Ia kini mahasiswa Hubungan Internasional di Universitas Bosowa, Makassar. Dia mulai kuliah pada 16 April 2024 setelah diberi izin oleh pihak keimigrasian pada 23 Maret 2024. 

Dalam sebuah acara yang diinisiasi oleh KontraS Aceh pada Maret 2024 lalu Fayruz sempat mengatakan bahwa kelak ia ingin bertanya sendiri mengapa pemerintah Myanmar berniat membinasakan kaumnya. 

Selain itu, Fayruz ingin mendorong sebuah upaya agar apa yang dialami oleh etnis Rohingya di Myanmar dipertanggungjawabkan di muka Pengadilan Kejahatan Internasional dan Mahkamah Internasional.

Kesempatan bertemu dengan Paus Fransiskus dimanfaatkan oleh Fayruz untuk menceritakan apa yang dialami kaumnya di Myanmar. 

"Saya datang ke sini untuk menyambut anda dan berbagi dengan anda sesuatu tentang pengungsi Rohingya. Bukan hanya Rohingya. Saya ingin berbagi dengan anda tentang semua pengungsi di dunia ini, dan dia berkata, oke," begitu tutur Fayruz sewaktu bertemu dengan Paus Fransiskus.

Fayruz mulai bercerita soal situasi terkini yang menimpa etnis Rohingya di Maungdaw, Myanmar. Fayruz secara khusus berharap Paus Fransiskus ikut mengamplifikasi apa yang dialami oleh etnis Rohingya kepada seluruh pemimpin di dunia.

"Dan mengatakan kepada mereka untuk menghentikan genosida karena di dunia ini banyak sekali orang yang menderita dan menghadapi banyak sekali masalah serta situasi sulit diakibatkan oleh genosida dan diskriminasi," kata Fayruz.

Fayruz juga menambahkan tentang hak fundamental yang dimiliki setiap orang, hak untuk hidup dengan merdeka dan damai.

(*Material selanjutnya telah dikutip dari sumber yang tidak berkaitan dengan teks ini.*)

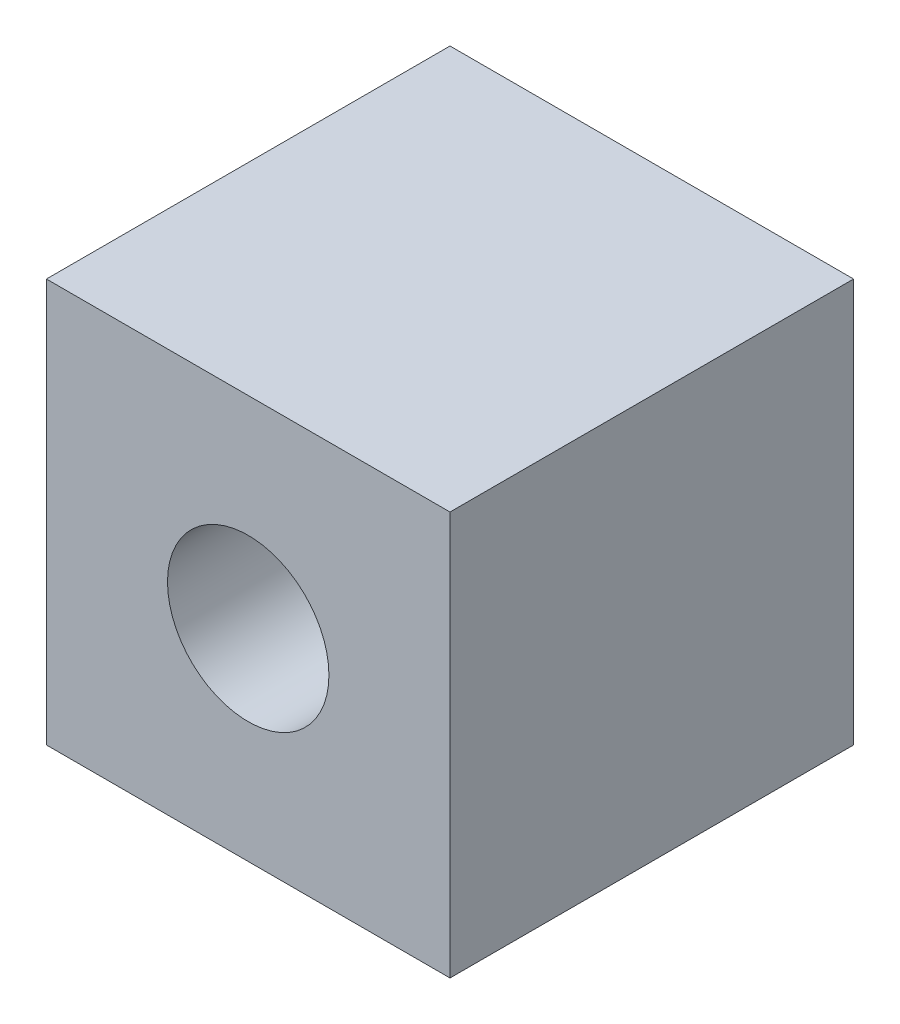
ISO-10303-21;
HEADER;
FILE_DESCRIPTION(('STEP AP214'),'2;1');
FILE_NAME('part.step','',(''),(''),'','','');
FILE_SCHEMA(('AUTOMOTIVE_DESIGN { 1 0 10303 214 1 1 1 1 }'));
ENDSEC;
DATA;
#1=APPLICATION_CONTEXT('core data for automotive mechanical design processes');
#2=APPLICATION_PROTOCOL_DEFINITION('international standard','automotive_design',2000,#1);
#3=PRODUCT_CONTEXT('',#1,'mechanical');
#4=PRODUCT('Part','Part','',(#3));
#5=PRODUCT_RELATED_PRODUCT_CATEGORY('part','',(#4));
#6=PRODUCT_DEFINITION_FORMATION('','',#4);
#7=PRODUCT_DEFINITION_CONTEXT('part definition',#1,'design');
#8=PRODUCT_DEFINITION('design','',#6,#7);
#9=PRODUCT_DEFINITION_SHAPE('','',#8);
#10=(LENGTH_UNIT() NAMED_UNIT(*) SI_UNIT(.MILLI.,.METRE.));
#11=(NAMED_UNIT(*) PLANE_ANGLE_UNIT() SI_UNIT($,.RADIAN.));
#12=(NAMED_UNIT(*) SI_UNIT($,.STERADIAN.) SOLID_ANGLE_UNIT());
#13=UNCERTAINTY_MEASURE_WITH_UNIT(LENGTH_MEASURE(1.E-05),#10,'distance_accuracy_value','');
#14=(GEOMETRIC_REPRESENTATION_CONTEXT(3) GLOBAL_UNCERTAINTY_ASSIGNED_CONTEXT((#13)) GLOBAL_UNIT_ASSIGNED_CONTEXT((#10,
#11,#12)) REPRESENTATION_CONTEXT('',''));
#15=CARTESIAN_POINT('',(0.,0.,0.));
#16=DIRECTION('',(0.,0.,1.));
#17=DIRECTION('',(1.,0.,0.));
#18=AXIS2_PLACEMENT_3D('',#15,#16,#17);
#19=CARTESIAN_POINT('',(0.,10.,10.));
#20=DIRECTION('',(0.,0.,-1.));
#21=DIRECTION('',(-1.,0.,0.));
#22=AXIS2_PLACEMENT_3D('',#19,#20,#21);
#23=PLANE('',#22);
#24=DIRECTION('',(0.,-1.,0.));
#25=VECTOR('',#24,1.);
#26=CARTESIAN_POINT('',(0.,0.,10.));
#27=LINE('',#26,#25);
#28=CARTESIAN_POINT('',(0.,10.,10.));
#29=VERTEX_POINT('',#28);
#30=CARTESIAN_POINT('',(0.,0.,10.));
#31=VERTEX_POINT('',#30);
#32=EDGE_CURVE('E87',#29,#31,#27,.T.);
#33=ORIENTED_EDGE('',*,*,#32,.T.);
#34=DIRECTION('',(1.,0.,0.));
#35=VECTOR('',#34,1.);
#36=CARTESIAN_POINT('',(0.,0.,10.));
#37=LINE('',#36,#35);
#38=CARTESIAN_POINT('',(10.,0.,10.));
#39=VERTEX_POINT('',#38);
#40=EDGE_CURVE('E82',#31,#39,#37,.T.);
#41=ORIENTED_EDGE('',*,*,#40,.T.);
#42=DIRECTION('',(0.,1.,0.));
#43=VECTOR('',#42,1.);
#44=CARTESIAN_POINT('',(10.,0.,10.));
#45=LINE('',#44,#43);
#46=CARTESIAN_POINT('',(10.,10.,10.));
#47=VERTEX_POINT('',#46);
#48=EDGE_CURVE('E85',#39,#47,#45,.T.);
#49=ORIENTED_EDGE('',*,*,#48,.T.);
#50=DIRECTION('',(-1.,0.,0.));
#51=VECTOR('',#50,1.);
#52=CARTESIAN_POINT('',(0.,10.,10.));
#53=LINE('',#52,#51);
#54=EDGE_CURVE('E52',#47,#29,#53,.T.);
#55=ORIENTED_EDGE('',*,*,#54,.T.);
#56=EDGE_LOOP('',(#33,#41,#49,#55));
#57=FACE_BOUND('',#56,.T.);
#58=CARTESIAN_POINT('',(5.,5.,10.));
#59=DIRECTION('',(0.,0.,1.));
#60=DIRECTION('',(1.,0.,0.));
#61=AXIS2_PLACEMENT_3D('',#58,#59,#60);
#62=CIRCLE('',#61,2.);
#63=CARTESIAN_POINT('',(7.,5.,10.));
#64=VERTEX_POINT('',#63);
#65=EDGE_CURVE('E102',#64,#64,#62,.T.);
#66=ORIENTED_EDGE('',*,*,#65,.F.);
#67=EDGE_LOOP('',(#66));
#68=FACE_BOUND('',#67,.T.);
#69=ADVANCED_FACE('F35',(#57,#68),#23,.F.);
#70=CARTESIAN_POINT('',(0.,10.,0.));
#71=DIRECTION('',(0.,0.,-1.));
#72=DIRECTION('',(-1.,0.,0.));
#73=AXIS2_PLACEMENT_3D('',#70,#71,#72);
#74=PLANE('',#73);
#75=DIRECTION('',(0.,-1.,0.));
#76=VECTOR('',#75,1.);
#77=CARTESIAN_POINT('',(0.,0.,0.));
#78=LINE('',#77,#76);
#79=CARTESIAN_POINT('',(0.,10.,0.));
#80=VERTEX_POINT('',#79);
#81=CARTESIAN_POINT('',(0.,0.,0.));
#82=VERTEX_POINT('',#81);
#83=EDGE_CURVE('E99',#80,#82,#78,.T.);
#84=ORIENTED_EDGE('',*,*,#83,.F.);
#85=DIRECTION('',(-1.,0.,0.));
#86=VECTOR('',#85,1.);
#87=CARTESIAN_POINT('',(0.,10.,0.));
#88=LINE('',#87,#86);
#89=CARTESIAN_POINT('',(10.,10.,0.));
#90=VERTEX_POINT('',#89);
#91=EDGE_CURVE('E75',#90,#80,#88,.T.);
#92=ORIENTED_EDGE('',*,*,#91,.F.);
#93=DIRECTION('',(0.,1.,0.));
#94=VECTOR('',#93,1.);
#95=CARTESIAN_POINT('',(10.,0.,0.));
#96=LINE('',#95,#94);
#97=CARTESIAN_POINT('',(10.,0.,0.));
#98=VERTEX_POINT('',#97);
#99=EDGE_CURVE('E69',#98,#90,#96,.T.);
#100=ORIENTED_EDGE('',*,*,#99,.F.);
#101=DIRECTION('',(1.,0.,0.));
#102=VECTOR('',#101,1.);
#103=CARTESIAN_POINT('',(0.,0.,0.));
#104=LINE('',#103,#102);
#105=EDGE_CURVE('E91',#82,#98,#104,.T.);
#106=ORIENTED_EDGE('',*,*,#105,.F.);
#107=EDGE_LOOP('',(#84,#92,#100,#106));
#108=FACE_BOUND('',#107,.T.);
#109=CARTESIAN_POINT('',(5.,5.,0.));
#110=DIRECTION('',(0.,0.,1.));
#111=DIRECTION('',(1.,0.,0.));
#112=AXIS2_PLACEMENT_3D('',#109,#110,#111);
#113=CIRCLE('',#112,2.);
#114=CARTESIAN_POINT('',(7.,5.,0.));
#115=VERTEX_POINT('',#114);
#116=EDGE_CURVE('E114',#115,#115,#113,.T.);
#117=ORIENTED_EDGE('',*,*,#116,.T.);
#118=EDGE_LOOP('',(#117));
#119=FACE_BOUND('',#118,.T.);
#120=ADVANCED_FACE('F110',(#108,#119),#74,.T.);
#121=CARTESIAN_POINT('',(0.,0.,10.));
#122=DIRECTION('',(1.,0.,0.));
#123=DIRECTION('',(0.,0.,-1.));
#124=AXIS2_PLACEMENT_3D('',#121,#122,#123);
#125=PLANE('',#124);
#126=ORIENTED_EDGE('',*,*,#83,.T.);
#127=DIRECTION('',(0.,0.,-1.));
#128=VECTOR('',#127,1.);
#129=CARTESIAN_POINT('',(0.,0.,10.));
#130=LINE('',#129,#128);
#131=EDGE_CURVE('E11',#31,#82,#130,.T.);
#132=ORIENTED_EDGE('',*,*,#131,.F.);
#133=ORIENTED_EDGE('',*,*,#32,.F.);
#134=DIRECTION('',(0.,0.,-1.));
#135=VECTOR('',#134,1.);
#136=CARTESIAN_POINT('',(0.,10.,10.));
#137=LINE('',#136,#135);
#138=EDGE_CURVE('E95',#29,#80,#137,.T.);
#139=ORIENTED_EDGE('',*,*,#138,.T.);
#140=EDGE_LOOP('',(#126,#132,#133,#139));
#141=FACE_BOUND('',#140,.T.);
#142=ADVANCED_FACE('F37',(#141),#125,.F.);
#143=CARTESIAN_POINT('',(0.,0.,10.));
#144=DIRECTION('',(0.,1.,0.));
#145=DIRECTION('',(0.,0.,1.));
#146=AXIS2_PLACEMENT_3D('',#143,#144,#145);
#147=PLANE('',#146);
#148=ORIENTED_EDGE('',*,*,#105,.T.);
#149=DIRECTION('',(0.,0.,-1.));
#150=VECTOR('',#149,1.);
#151=CARTESIAN_POINT('',(10.,0.,10.));
#152=LINE('',#151,#150);
#153=EDGE_CURVE('E44',#39,#98,#152,.T.);
#154=ORIENTED_EDGE('',*,*,#153,.F.);
#155=ORIENTED_EDGE('',*,*,#40,.F.);
#156=ORIENTED_EDGE('',*,*,#131,.T.);
#157=EDGE_LOOP('',(#148,#154,#155,#156));
#158=FACE_BOUND('',#157,.T.);
#159=ADVANCED_FACE('F90',(#158),#147,.F.);
#160=CARTESIAN_POINT('',(10.,0.,10.));
#161=DIRECTION('',(-1.,0.,0.));
#162=DIRECTION('',(0.,0.,1.));
#163=AXIS2_PLACEMENT_3D('',#160,#161,#162);
#164=PLANE('',#163);
#165=ORIENTED_EDGE('',*,*,#99,.T.);
#166=DIRECTION('',(0.,0.,-1.));
#167=VECTOR('',#166,1.);
#168=CARTESIAN_POINT('',(10.,10.,10.));
#169=LINE('',#168,#167);
#170=EDGE_CURVE('E92',#47,#90,#169,.T.);
#171=ORIENTED_EDGE('',*,*,#170,.F.);
#172=ORIENTED_EDGE('',*,*,#48,.F.);
#173=ORIENTED_EDGE('',*,*,#153,.T.);
#174=EDGE_LOOP('',(#165,#171,#172,#173));
#175=FACE_BOUND('',#174,.T.);
#176=ADVANCED_FACE('F93',(#175),#164,.F.);
#177=CARTESIAN_POINT('',(0.,10.,10.));
#178=DIRECTION('',(0.,-1.,0.));
#179=DIRECTION('',(0.,0.,-1.));
#180=AXIS2_PLACEMENT_3D('',#177,#178,#179);
#181=PLANE('',#180);
#182=ORIENTED_EDGE('',*,*,#91,.T.);
#183=ORIENTED_EDGE('',*,*,#138,.F.);
#184=ORIENTED_EDGE('',*,*,#54,.F.);
#185=ORIENTED_EDGE('',*,*,#170,.T.);
#186=EDGE_LOOP('',(#182,#183,#184,#185));
#187=FACE_BOUND('',#186,.T.);
#188=ADVANCED_FACE('F107',(#187),#181,.F.);
#189=CARTESIAN_POINT('',(5.,5.,10.));
#190=DIRECTION('',(0.,0.,-1.));
#191=DIRECTION('',(-1.,0.,0.));
#192=AXIS2_PLACEMENT_3D('',#189,#190,#191);
#193=CYLINDRICAL_SURFACE('',#192,2.);
#194=ORIENTED_EDGE('',*,*,#65,.T.);
#195=EDGE_LOOP('',(#194));
#196=FACE_BOUND('',#195,.T.);
#197=ORIENTED_EDGE('',*,*,#116,.F.);
#198=EDGE_LOOP('',(#197));
#199=FACE_BOUND('',#198,.T.);
#200=ADVANCED_FACE('F120',(#196,#199),#193,.F.);
#201=CLOSED_SHELL('',(#69,#120,#142,#159,#176,#188,#200));
#202=MANIFOLD_SOLID_BREP('B2',#201);
#203=ADVANCED_BREP_SHAPE_REPRESENTATION('',(#18,#202),#14);
#204=SHAPE_DEFINITION_REPRESENTATION(#9,#203);
ENDSEC;
END-ISO-10303-21;

Ia dan kaumnya ingin kembali ke Myanmar, tanah air kaum Rohingya.

"Paus Fransiskus berkata kepada saya, 'baiklah, mari kita lihat dan semoga saja semuanya baik-baik saja di masa mendatang'," tutur Fayruz.

Menurut Fayruz ia tidak dapat banyak bercerita karena keterbatasan waktu yang dimiliki oleh Paus Fransiskus. Ia akan mengingat momen-momen pertemuannya tersebut.

Setelah Paus Fransiskus wafat, Paus dengan nama lahir Jorge Mario Bergoglio, itu digantikan oleh Robert Prevost sekarang dikenal sebagai Paus Leo XIV. Paus baru ini terpilih usai konklaf tertutup yang berlangsung selama tiga putaran.